The shrinking of our worlds is an insidious, barely perceptible process: the cumulative effect of dwelling in wounded and contracting ecologies—spaces in which our existence collapses into tighter and more suffocating shells. As a result, depression so often confines individuals to their immediate worlds—to homes, bedrooms, minds. Depression diminishes the ability to connect with others. Life is dampened and slowed. It is simultaneously numbing and oppressive. Depression consumes everyday life and extinguishes its potentiality and shared vibrancy. This is one of the cruellest aspects of our shrinking worlds: the weight of existence is individualizing, rather than distributed amongst worldly coexistents. As Johanna Luttrell (2015: 876-877) writes, when “the body takes the place of a world, and we are thrown inward upon ourselves, we are ‘too far in’ our bodies, there is no outlet for our needs, imaginings, expressions, our uniqueness and our dignity”. Worldlessness means living in obscurity—forced to exist without leaving footprints.

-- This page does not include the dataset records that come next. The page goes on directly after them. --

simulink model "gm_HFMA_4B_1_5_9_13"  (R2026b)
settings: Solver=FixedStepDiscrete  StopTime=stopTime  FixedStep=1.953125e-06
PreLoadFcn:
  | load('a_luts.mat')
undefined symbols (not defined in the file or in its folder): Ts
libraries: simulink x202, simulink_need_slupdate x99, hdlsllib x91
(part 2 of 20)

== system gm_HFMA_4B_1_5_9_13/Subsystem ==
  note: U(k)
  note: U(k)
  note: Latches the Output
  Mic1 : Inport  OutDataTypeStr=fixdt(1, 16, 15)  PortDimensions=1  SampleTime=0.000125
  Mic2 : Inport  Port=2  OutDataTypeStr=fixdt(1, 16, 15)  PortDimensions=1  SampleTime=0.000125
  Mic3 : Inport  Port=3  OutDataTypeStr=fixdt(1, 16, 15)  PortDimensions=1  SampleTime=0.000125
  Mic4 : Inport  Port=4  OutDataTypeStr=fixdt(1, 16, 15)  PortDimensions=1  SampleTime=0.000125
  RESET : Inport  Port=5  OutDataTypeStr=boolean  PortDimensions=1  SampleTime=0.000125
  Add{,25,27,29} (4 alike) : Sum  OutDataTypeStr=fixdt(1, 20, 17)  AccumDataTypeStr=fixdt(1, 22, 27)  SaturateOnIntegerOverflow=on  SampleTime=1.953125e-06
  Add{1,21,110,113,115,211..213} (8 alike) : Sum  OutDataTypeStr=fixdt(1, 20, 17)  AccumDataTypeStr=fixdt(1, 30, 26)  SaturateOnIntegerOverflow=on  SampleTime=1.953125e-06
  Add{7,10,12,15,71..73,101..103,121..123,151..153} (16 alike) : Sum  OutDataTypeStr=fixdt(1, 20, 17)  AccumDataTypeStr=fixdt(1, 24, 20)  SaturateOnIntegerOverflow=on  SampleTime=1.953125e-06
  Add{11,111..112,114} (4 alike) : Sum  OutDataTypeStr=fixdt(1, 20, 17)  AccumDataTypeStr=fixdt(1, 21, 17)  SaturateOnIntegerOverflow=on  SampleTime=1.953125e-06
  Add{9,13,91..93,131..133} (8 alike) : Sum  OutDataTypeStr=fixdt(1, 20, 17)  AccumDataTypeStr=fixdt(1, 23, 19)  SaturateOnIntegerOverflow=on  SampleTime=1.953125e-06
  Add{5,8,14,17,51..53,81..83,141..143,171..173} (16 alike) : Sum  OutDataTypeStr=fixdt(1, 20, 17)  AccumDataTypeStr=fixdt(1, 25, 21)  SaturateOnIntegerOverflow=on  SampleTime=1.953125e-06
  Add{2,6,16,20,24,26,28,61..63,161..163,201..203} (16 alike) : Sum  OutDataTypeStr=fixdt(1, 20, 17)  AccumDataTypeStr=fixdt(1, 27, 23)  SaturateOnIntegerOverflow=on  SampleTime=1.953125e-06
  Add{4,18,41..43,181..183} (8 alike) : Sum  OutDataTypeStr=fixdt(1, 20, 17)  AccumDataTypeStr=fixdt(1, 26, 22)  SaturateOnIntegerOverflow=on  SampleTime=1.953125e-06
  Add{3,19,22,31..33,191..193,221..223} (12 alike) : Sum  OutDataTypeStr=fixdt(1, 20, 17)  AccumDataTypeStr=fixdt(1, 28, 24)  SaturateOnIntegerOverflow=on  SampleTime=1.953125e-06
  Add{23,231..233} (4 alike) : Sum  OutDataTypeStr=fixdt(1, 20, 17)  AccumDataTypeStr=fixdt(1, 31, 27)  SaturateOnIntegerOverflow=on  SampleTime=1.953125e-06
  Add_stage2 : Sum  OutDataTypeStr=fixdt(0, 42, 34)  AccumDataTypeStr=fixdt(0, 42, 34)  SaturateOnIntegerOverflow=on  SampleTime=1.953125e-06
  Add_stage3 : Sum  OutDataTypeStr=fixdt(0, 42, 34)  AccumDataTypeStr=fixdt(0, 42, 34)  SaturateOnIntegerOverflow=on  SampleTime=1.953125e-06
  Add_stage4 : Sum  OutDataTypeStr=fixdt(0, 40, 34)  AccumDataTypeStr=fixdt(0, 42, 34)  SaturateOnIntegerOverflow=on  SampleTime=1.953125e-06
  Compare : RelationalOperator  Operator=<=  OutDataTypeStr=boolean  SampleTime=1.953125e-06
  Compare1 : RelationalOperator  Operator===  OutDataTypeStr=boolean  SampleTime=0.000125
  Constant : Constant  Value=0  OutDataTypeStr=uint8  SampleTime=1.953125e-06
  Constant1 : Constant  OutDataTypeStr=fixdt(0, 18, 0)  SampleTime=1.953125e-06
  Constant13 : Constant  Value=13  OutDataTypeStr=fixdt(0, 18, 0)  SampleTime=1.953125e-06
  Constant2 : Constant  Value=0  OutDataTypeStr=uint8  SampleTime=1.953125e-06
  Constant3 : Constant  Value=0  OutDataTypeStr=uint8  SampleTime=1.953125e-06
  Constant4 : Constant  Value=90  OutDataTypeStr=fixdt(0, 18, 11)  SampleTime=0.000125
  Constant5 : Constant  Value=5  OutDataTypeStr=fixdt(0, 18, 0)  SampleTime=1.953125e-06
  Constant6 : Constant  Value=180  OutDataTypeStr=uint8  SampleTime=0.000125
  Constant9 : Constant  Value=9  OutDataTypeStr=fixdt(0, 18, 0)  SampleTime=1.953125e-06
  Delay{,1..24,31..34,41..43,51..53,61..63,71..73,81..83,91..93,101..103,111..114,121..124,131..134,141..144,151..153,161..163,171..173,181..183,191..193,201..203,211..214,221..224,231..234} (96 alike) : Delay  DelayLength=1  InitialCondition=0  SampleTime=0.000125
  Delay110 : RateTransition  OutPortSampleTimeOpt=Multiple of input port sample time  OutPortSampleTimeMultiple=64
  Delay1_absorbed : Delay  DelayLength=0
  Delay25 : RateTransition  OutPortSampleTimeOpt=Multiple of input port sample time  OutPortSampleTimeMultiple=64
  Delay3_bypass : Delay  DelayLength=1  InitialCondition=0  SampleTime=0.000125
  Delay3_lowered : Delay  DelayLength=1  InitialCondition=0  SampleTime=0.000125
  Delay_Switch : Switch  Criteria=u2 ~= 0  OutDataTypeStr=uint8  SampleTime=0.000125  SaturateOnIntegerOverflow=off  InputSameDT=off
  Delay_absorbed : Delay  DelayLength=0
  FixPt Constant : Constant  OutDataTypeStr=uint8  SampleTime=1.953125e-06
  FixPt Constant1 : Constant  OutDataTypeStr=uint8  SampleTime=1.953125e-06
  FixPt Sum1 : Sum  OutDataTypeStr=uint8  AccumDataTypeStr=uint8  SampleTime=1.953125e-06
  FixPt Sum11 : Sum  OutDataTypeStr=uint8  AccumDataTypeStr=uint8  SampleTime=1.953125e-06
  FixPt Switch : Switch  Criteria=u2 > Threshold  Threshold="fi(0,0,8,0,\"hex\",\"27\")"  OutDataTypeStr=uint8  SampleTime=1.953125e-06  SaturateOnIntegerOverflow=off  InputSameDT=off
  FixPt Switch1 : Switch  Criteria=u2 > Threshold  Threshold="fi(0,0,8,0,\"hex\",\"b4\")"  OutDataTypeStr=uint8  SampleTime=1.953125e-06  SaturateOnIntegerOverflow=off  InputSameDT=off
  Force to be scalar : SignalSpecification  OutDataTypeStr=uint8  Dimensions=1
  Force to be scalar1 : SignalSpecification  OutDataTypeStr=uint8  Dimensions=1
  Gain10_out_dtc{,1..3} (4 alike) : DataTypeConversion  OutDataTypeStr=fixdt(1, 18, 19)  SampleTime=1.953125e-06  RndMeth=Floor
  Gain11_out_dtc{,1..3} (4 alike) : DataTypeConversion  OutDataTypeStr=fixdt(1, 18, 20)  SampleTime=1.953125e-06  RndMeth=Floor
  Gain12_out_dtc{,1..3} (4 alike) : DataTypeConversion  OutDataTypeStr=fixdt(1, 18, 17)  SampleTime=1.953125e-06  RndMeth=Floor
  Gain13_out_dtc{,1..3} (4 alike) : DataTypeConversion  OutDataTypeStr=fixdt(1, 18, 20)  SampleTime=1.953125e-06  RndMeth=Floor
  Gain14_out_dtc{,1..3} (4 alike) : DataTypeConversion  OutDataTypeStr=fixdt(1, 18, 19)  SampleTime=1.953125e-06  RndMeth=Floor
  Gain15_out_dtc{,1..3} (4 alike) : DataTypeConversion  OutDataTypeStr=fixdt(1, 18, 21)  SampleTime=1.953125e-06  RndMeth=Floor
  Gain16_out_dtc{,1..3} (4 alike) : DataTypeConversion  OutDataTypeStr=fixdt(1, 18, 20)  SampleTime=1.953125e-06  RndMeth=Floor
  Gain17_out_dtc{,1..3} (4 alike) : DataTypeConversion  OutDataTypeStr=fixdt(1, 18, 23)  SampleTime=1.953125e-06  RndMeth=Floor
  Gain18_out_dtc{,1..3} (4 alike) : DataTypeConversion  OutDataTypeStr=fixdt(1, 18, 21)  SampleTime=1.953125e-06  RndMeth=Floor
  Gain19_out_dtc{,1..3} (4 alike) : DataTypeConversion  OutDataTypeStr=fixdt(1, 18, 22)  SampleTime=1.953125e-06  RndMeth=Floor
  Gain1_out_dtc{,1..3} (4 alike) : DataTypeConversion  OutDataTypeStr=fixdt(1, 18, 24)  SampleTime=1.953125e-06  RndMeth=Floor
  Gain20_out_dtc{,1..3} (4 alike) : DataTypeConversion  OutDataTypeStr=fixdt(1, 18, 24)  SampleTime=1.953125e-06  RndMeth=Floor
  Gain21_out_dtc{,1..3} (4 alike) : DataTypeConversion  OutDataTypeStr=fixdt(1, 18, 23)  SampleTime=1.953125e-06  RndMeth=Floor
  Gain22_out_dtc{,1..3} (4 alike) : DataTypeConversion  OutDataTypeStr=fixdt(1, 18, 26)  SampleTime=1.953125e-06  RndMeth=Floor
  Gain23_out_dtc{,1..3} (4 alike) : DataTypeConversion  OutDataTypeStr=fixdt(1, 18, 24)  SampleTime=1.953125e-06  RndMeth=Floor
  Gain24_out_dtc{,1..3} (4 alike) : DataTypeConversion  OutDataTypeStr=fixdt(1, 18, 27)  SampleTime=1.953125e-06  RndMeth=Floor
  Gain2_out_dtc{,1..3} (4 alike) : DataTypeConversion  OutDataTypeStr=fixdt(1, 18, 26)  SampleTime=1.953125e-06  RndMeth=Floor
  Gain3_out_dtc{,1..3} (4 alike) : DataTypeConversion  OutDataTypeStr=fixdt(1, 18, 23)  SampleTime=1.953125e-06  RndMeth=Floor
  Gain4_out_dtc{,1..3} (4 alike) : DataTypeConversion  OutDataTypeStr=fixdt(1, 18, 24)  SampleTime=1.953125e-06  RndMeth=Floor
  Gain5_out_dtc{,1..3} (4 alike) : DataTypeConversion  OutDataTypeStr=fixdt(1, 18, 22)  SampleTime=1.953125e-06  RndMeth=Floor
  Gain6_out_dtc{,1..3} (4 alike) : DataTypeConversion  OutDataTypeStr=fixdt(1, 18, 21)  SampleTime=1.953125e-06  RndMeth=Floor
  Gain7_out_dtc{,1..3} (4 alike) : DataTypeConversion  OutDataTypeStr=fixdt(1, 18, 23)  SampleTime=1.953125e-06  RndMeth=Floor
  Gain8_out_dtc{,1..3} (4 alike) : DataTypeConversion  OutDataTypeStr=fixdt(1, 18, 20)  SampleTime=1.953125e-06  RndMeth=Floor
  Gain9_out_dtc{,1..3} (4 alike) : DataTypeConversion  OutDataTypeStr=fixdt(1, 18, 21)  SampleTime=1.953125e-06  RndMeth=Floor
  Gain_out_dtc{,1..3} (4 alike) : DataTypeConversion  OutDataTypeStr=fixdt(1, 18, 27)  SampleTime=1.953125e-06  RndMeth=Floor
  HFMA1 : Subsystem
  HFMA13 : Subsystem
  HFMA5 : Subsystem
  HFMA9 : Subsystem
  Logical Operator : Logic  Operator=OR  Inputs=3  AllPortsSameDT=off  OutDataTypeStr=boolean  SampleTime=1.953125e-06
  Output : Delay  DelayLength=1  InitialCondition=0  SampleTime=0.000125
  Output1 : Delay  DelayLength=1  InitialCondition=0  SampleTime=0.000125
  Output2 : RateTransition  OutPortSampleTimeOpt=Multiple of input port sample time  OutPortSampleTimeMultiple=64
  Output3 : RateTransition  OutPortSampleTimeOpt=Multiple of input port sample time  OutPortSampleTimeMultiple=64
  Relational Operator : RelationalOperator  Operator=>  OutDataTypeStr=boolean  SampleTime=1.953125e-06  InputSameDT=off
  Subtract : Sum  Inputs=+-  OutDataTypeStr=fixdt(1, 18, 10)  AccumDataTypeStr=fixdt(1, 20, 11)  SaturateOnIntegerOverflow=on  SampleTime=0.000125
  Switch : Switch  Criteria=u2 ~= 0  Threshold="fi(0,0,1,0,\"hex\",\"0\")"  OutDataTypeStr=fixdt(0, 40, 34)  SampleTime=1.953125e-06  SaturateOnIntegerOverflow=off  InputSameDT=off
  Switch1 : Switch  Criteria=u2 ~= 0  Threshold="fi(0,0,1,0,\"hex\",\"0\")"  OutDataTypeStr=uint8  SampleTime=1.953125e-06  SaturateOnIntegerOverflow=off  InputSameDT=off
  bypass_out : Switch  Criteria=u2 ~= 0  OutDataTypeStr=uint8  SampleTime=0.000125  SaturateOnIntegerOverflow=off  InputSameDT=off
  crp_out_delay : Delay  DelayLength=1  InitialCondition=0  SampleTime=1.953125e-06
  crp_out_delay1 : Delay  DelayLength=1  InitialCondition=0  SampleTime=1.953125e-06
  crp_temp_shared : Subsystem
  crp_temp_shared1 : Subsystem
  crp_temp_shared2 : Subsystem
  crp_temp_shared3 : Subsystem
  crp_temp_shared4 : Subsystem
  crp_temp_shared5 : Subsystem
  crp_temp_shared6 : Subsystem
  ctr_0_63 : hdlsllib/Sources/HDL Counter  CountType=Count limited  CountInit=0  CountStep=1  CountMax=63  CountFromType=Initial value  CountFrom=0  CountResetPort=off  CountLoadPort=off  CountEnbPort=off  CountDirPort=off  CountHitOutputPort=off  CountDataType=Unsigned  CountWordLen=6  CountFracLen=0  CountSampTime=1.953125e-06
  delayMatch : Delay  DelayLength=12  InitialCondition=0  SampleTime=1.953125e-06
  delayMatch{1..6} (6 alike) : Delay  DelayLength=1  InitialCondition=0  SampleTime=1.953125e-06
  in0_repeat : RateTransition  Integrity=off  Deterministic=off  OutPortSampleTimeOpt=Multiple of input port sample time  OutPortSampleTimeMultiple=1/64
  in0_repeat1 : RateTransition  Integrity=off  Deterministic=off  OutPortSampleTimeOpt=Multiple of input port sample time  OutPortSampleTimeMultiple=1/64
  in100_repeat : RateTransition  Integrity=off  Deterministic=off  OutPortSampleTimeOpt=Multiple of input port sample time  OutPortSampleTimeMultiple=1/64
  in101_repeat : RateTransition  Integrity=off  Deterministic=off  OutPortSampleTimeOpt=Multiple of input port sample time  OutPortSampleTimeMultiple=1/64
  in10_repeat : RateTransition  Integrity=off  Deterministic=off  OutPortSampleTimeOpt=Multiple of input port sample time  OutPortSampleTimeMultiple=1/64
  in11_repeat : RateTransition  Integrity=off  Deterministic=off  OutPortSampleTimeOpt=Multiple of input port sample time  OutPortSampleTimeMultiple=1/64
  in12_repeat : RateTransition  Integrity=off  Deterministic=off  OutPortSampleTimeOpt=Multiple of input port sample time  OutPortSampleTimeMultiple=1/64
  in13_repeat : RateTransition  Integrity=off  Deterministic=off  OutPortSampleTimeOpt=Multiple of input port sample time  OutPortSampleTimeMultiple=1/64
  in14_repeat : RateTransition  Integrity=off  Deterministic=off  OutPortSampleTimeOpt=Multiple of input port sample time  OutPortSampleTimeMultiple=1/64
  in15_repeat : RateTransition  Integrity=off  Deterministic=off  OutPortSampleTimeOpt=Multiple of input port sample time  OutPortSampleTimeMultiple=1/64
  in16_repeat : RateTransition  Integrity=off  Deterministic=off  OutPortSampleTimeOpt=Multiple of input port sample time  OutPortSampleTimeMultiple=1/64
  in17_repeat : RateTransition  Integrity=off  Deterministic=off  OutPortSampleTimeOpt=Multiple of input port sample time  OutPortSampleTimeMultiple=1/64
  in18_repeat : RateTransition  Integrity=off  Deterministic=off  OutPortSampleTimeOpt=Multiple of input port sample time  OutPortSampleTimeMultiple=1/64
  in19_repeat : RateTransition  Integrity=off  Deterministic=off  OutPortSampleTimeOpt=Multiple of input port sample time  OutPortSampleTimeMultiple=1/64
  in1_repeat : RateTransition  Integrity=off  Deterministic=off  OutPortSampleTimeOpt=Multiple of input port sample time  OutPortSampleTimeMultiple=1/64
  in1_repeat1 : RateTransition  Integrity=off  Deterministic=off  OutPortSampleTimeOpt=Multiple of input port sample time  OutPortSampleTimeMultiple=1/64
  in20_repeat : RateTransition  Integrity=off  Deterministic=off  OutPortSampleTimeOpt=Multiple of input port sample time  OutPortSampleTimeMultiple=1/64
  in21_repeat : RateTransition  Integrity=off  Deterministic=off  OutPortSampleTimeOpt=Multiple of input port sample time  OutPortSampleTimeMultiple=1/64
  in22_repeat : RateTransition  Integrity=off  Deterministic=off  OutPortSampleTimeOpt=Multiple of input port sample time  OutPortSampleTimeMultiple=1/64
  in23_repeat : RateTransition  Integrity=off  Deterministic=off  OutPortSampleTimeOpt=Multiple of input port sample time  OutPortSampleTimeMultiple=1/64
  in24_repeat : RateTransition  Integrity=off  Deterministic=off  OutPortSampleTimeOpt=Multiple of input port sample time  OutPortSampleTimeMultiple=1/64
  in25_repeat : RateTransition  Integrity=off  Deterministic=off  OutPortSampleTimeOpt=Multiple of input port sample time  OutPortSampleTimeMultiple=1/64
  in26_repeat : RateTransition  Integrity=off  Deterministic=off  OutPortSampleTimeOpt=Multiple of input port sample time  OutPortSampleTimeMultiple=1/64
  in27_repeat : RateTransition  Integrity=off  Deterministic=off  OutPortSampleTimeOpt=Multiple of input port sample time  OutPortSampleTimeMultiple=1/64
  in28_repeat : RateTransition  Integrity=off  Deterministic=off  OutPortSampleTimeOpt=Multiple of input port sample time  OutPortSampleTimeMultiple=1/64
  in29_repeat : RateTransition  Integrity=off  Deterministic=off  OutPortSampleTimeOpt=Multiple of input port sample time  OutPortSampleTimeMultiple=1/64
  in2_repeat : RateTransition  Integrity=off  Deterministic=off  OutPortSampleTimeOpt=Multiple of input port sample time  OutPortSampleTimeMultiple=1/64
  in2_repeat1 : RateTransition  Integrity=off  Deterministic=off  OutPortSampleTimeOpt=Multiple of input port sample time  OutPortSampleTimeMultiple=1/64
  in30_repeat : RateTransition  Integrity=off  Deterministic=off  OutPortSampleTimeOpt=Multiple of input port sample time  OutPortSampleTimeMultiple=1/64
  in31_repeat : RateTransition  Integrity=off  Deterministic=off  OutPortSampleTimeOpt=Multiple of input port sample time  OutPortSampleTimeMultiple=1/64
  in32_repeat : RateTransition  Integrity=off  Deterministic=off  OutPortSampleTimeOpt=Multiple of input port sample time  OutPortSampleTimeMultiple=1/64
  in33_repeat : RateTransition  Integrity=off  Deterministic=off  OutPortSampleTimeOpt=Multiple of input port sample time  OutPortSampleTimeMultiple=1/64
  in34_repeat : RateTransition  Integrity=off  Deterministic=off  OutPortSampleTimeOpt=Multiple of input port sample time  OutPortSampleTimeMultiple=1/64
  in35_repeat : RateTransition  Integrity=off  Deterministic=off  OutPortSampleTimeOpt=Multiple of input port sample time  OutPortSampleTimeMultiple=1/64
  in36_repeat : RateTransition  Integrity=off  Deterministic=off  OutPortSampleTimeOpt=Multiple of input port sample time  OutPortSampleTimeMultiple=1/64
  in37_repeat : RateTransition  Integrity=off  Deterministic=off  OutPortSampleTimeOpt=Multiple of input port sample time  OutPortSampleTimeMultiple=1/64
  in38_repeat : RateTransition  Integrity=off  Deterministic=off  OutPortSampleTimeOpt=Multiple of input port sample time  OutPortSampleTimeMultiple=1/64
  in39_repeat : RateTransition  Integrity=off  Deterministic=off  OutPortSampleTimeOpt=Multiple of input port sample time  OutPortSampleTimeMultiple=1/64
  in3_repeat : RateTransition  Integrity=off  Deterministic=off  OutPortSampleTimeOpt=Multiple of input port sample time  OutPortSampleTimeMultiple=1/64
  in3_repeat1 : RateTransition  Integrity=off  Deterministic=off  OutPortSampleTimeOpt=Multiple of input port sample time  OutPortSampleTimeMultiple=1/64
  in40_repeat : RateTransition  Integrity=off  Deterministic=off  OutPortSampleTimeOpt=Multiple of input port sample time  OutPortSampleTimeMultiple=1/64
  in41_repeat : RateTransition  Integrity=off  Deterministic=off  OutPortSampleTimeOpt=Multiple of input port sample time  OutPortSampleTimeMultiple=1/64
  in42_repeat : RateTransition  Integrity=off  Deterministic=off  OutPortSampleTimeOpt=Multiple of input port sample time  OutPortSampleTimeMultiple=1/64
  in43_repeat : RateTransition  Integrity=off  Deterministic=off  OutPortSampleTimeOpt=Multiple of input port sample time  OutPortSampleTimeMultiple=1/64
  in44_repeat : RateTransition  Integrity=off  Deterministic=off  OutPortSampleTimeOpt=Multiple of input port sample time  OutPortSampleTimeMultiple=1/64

And here we reach the event horizon: the point at which our shrinking mental and social worlds collapse into each other. A black dot that traps too many lives, often with devastating results. As the social frays under austerity, we see the violent entanglements between shrinking physical and psychological worlds, which “forcefully constrain, traumatize, and poison the very resources of our becoming” (Laurie and Shaw 2018: 8). Depression is a complex condition, tangled between neurological, biological, and social conditions (see Peake and Mullings 2019). Our point is not to ignore these factors—but to see how they are emplaced in shrinking worlds. Closed parks and abandoned community centres are spaces removed from the fabric of everyday life. This has profound consequences: an individual with depression may visit the park in search of a therapeutic landscape only to find it closed; another seeking solace in a local library discovers it shut; or another who visits a swimming pool as part of their active mental health discovers their opening hours slashed. These spaces of connection, solace and healing—that are so important for people living with depression—are simply disappearing under conditions of austerity.

Taking seriously the worlding of austerity and depression requires more examination. We have only begun to articulate their cruel embrace. Where can people turn as social infrastructures decay? How are people able to positively respond to the contracting horizons of austerity? We think the concept of shrinking worlds is an important framework for researching the psycho-spatial effects of austerity, and the long-term implications of contracting social infrastructures on collective life.

We also hope the intervention we have sketched can help us chart passageways to more dignified worlds. If austerity shrinks and traumatizes our worlds, building after building, street after street (see Pain 2019), we must insist on the right to open worlds back up. And it is here that geography—as both knowledge and praxis—offers cartographies of hope and healing. Soaring rates of depression cannot be tackled by solitary individuals acting alone. We must look to the horizons of our cobeing. As J.K. Gibson-Graham (2006: 165) write, “to change ourselves, we must change the world”.